EXERCISE: The lines below must be transcribed exactly as given, with the images removed.

[Stored entries]
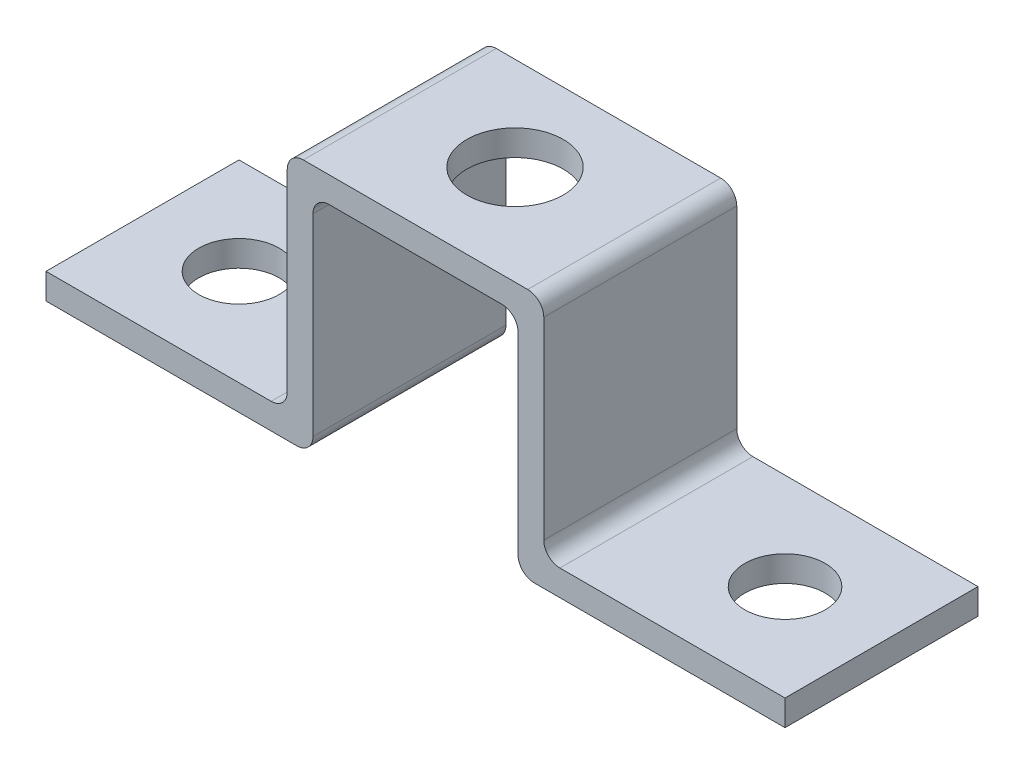
from build123d import *

# Parameters (mm, degrees)
BOSS_EXTRUDE1_DEPTH = 12
SKETCH2_R           = 2.5
CUT_EXTRUDE2_DEPTH  = 1.6
SKETCH3_R           = 3
CUT_EXTRUDE3_DEPTH  = 1.6
FILLET2_R           = 1
FILLET3_R           = 1
FILLET4_R           = 1
FILLET5_R           = 1
FILLET6_R           = 1
FILLET7_R           = 1
FILLET8_R           = 1
FILLET9_R           = 1


with BuildPart() as part:
    # Sketch1 → Boss-Extrude1 (new body)
    with BuildSketch(Plane.XY):
        Polygon((-22.976789636, 1.251050745), (-7.976789636, 1.251050745), (-7.976789636, 15.251050745), (7.976789636, 15.251050745), (7.976789636, 1.251050745), (22.976789636, 1.251050745), (22.976789636, -0.348949255), (6.376789636, -0.348949255), (6.376789636, 13.651050745), (-6.376789636, 13.651050745), (-6.376789636, -0.348949255), (-22.976789636, -0.348949255), align=None)
    extrude(amount=BOSS_EXTRUDE1_DEPTH)

    # Sketch2 → Cut-Extrude2 (cut)
    with BuildSketch(Plane(origin=(0, 1.251050745, 0), x_dir=(1, 0, 0), z_dir=(0, 1, 0))):
        with Locations(Location((-16.976789636, -6, 0), (0, 0, 270))):  # turned: the seam where the file's is
            Circle(SKETCH2_R)
        with Locations(Location((16.976789636, -6, 0), (0, 0, 270))):  # turned: the seam where the file's is
            Circle(SKETCH2_R)
    extrude(amount=-CUT_EXTRUDE2_DEPTH, mode=Mode.SUBTRACT)

    # Sketch3 → Cut-Extrude3 (cut)
    with BuildSketch(Plane(origin=(0, 15.251050745, 0), x_dir=(1, 0, 0), z_dir=(0, 1, 0))):
        with Locations(Location((0, -5.812620311, 0), (0, 0, 270))):  # turned: the seam where the file's is
            Circle(SKETCH3_R)
    extrude(amount=-CUT_EXTRUDE3_DEPTH, mode=Mode.SUBTRACT)

    # Fillet2
    fillet2_edges = [part.edges().sort_by_distance(p)[0] for p in [
        (-7.976789636, 15.251050745, 6),
    ]]
    fillet(fillet2_edges, radius=FILLET2_R)

    # Fillet3
    fillet3_edges = [part.edges().sort_by_distance(p)[0] for p in [
        (7.976789636, 15.251050745, 6),
    ]]
    fillet(fillet3_edges, radius=FILLET3_R)

    # Fillet4
    fillet4_edges = [part.edges().sort_by_distance(p)[0] for p in [
        (-6.376789636, 13.651050745, 6),
    ]]
    fillet(fillet4_edges, radius=FILLET4_R)

    # Fillet5
    fillet5_edges = [part.edges().sort_by_distance(p)[0] for p in [
        (-6.376789636, -0.348949255, 6),
    ]]
    fillet(fillet5_edges, radius=FILLET5_R)

    # Fillet6
    fillet6_edges = [part.edges().sort_by_distance(p)[0] for p in [
        (6.376789636, -0.348949255, 6),
    ]]
    fillet(fillet6_edges, radius=FILLET6_R)

    # Fillet7
    fillet7_edges = [part.edges().sort_by_distance(p)[0] for p in [
        (6.376789636, 13.651050745, 6),
    ]]
    fillet(fillet7_edges, radius=FILLET7_R)

    # Fillet8
    fillet8_edges = [part.edges().sort_by_distance(p)[0] for p in [
        (-7.976789636, 1.251050745, 6),
    ]]
    fillet(fillet8_edges, radius=FILLET8_R)

    # Fillet9
    fillet9_edges = [part.edges().sort_by_distance(p)[0] for p in [
        (7.976789636, 1.251050745, 6),
    ]]
    fillet(fillet9_edges, radius=FILLET9_R)


solid = part.part

SOLVED EXERCISE:
from build123d import *

# Parameters (mm, degrees)
BOSS_EXTRUDE1_DEPTH = 12
SKETCH2_R           = 2.5
CUT_EXTRUDE2_DEPTH  = 1.6
SKETCH3_R           = 3
CUT_EXTRUDE3_DEPTH  = 1.6
FILLET2_R           = 1
FILLET3_R           = 1
FILLET4_R           = 1
FILLET5_R           = 1
FILLET6_R           = 1
FILLET7_R           = 1
FILLET8_R           = 1
FILLET9_R           = 1


with BuildPart() as part:
    # Sketch1 → Boss-Extrude1 (new body)
    with BuildSketch(Plane.XY):
        Polygon((-22.976789636, 1.251050745), (-7.976789636, 1.251050745), (-7.976789636, 15.251050745), (7.976789636, 15.251050745), (7.976789636, 1.251050745), (22.976789636, 1.251050745), (22.976789636, -0.348949255), (6.376789636, -0.348949255), (6.376789636, 13.651050745), (-6.376789636, 13.651050745), (-6.376789636, -0.348949255), (-22.976789636, -0.348949255), align=None)
    extrude(amount=BOSS_EXTRUDE1_DEPTH)

    # Sketch2 → Cut-Extrude2 (cut)
    with BuildSketch(Plane(origin=(0, 1.251050745, 0), x_dir=(1, 0, 0), z_dir=(0, 1, 0))):
        with Locations(Location((-16.976789636, -6, 0), (0, 0, 270))):  # turned: the seam where the file's is
            Circle(SKETCH2_R)
        with Locations(Location((16.976789636, -6, 0), (0, 0, 270))):  # turned: the seam where the file's is
            Circle(SKETCH2_R)
    extrude(amount=-CUT_EXTRUDE2_DEPTH, mode=Mode.SUBTRACT)

    # Sketch3 → Cut-Extrude3 (cut)
    with BuildSketch(Plane(origin=(0, 15.251050745, 0), x_dir=(1, 0, 0), z_dir=(0, 1, 0))):
        with Locations(Location((0, -5.812620311, 0), (0, 0, 270))):  # turned: the seam where the file's is
            Circle(SKETCH3_R)
    extrude(amount=-CUT_EXTRUDE3_DEPTH, mode=Mode.SUBTRACT)

    # Fillet2
    fillet2_edges = [part.edges().sort_by_distance(p)[0] for p in [
        (-7.976789636, 15.251050745, 6),
    ]]
    fillet(fillet2_edges, radius=FILLET2_R)

    # Fillet3
    fillet3_edges = [part.edges().sort_by_distance(p)[0] for p in [
        (7.976789636, 15.251050745, 6),
    ]]
    fillet(fillet3_edges, radius=FILLET3_R)

    # Fillet4
    fillet4_edges = [part.edges().sort_by_distance(p)[0] for p in [
        (-6.376789636, 13.651050745, 6),
    ]]
    fillet(fillet4_edges, radius=FILLET4_R)

    # Fillet5
    fillet5_edges = [part.edges().sort_by_distance(p)[0] for p in [
        (-6.376789636, -0.348949255, 6),
    ]]
    fillet(fillet5_edges, radius=FILLET5_R)

    # Fillet6
    fillet6_edges = [part.edges().sort_by_distance(p)[0] for p in [
        (6.376789636, -0.348949255, 6),
    ]]
    fillet(fillet6_edges, radius=FILLET6_R)

    # Fillet7
    fillet7_edges = [part.edges().sort_by_distance(p)[0] for p in [
        (6.376789636, 13.651050745, 6),
    ]]
    fillet(fillet7_edges, radius=FILLET7_R)

    # Fillet8
    fillet8_edges = [part.edges().sort_by_distance(p)[0] for p in [
        (-7.976789636, 1.251050745, 6),
    ]]
    fillet(fillet8_edges, radius=FILLET8_R)

    # Fillet9
    fillet9_edges = [part.edges().sort_by_distance(p)[0] for p in [
        (7.976789636, 1.251050745, 6),
    ]]
    fillet(fillet9_edges, radius=FILLET9_R)


solid = part.part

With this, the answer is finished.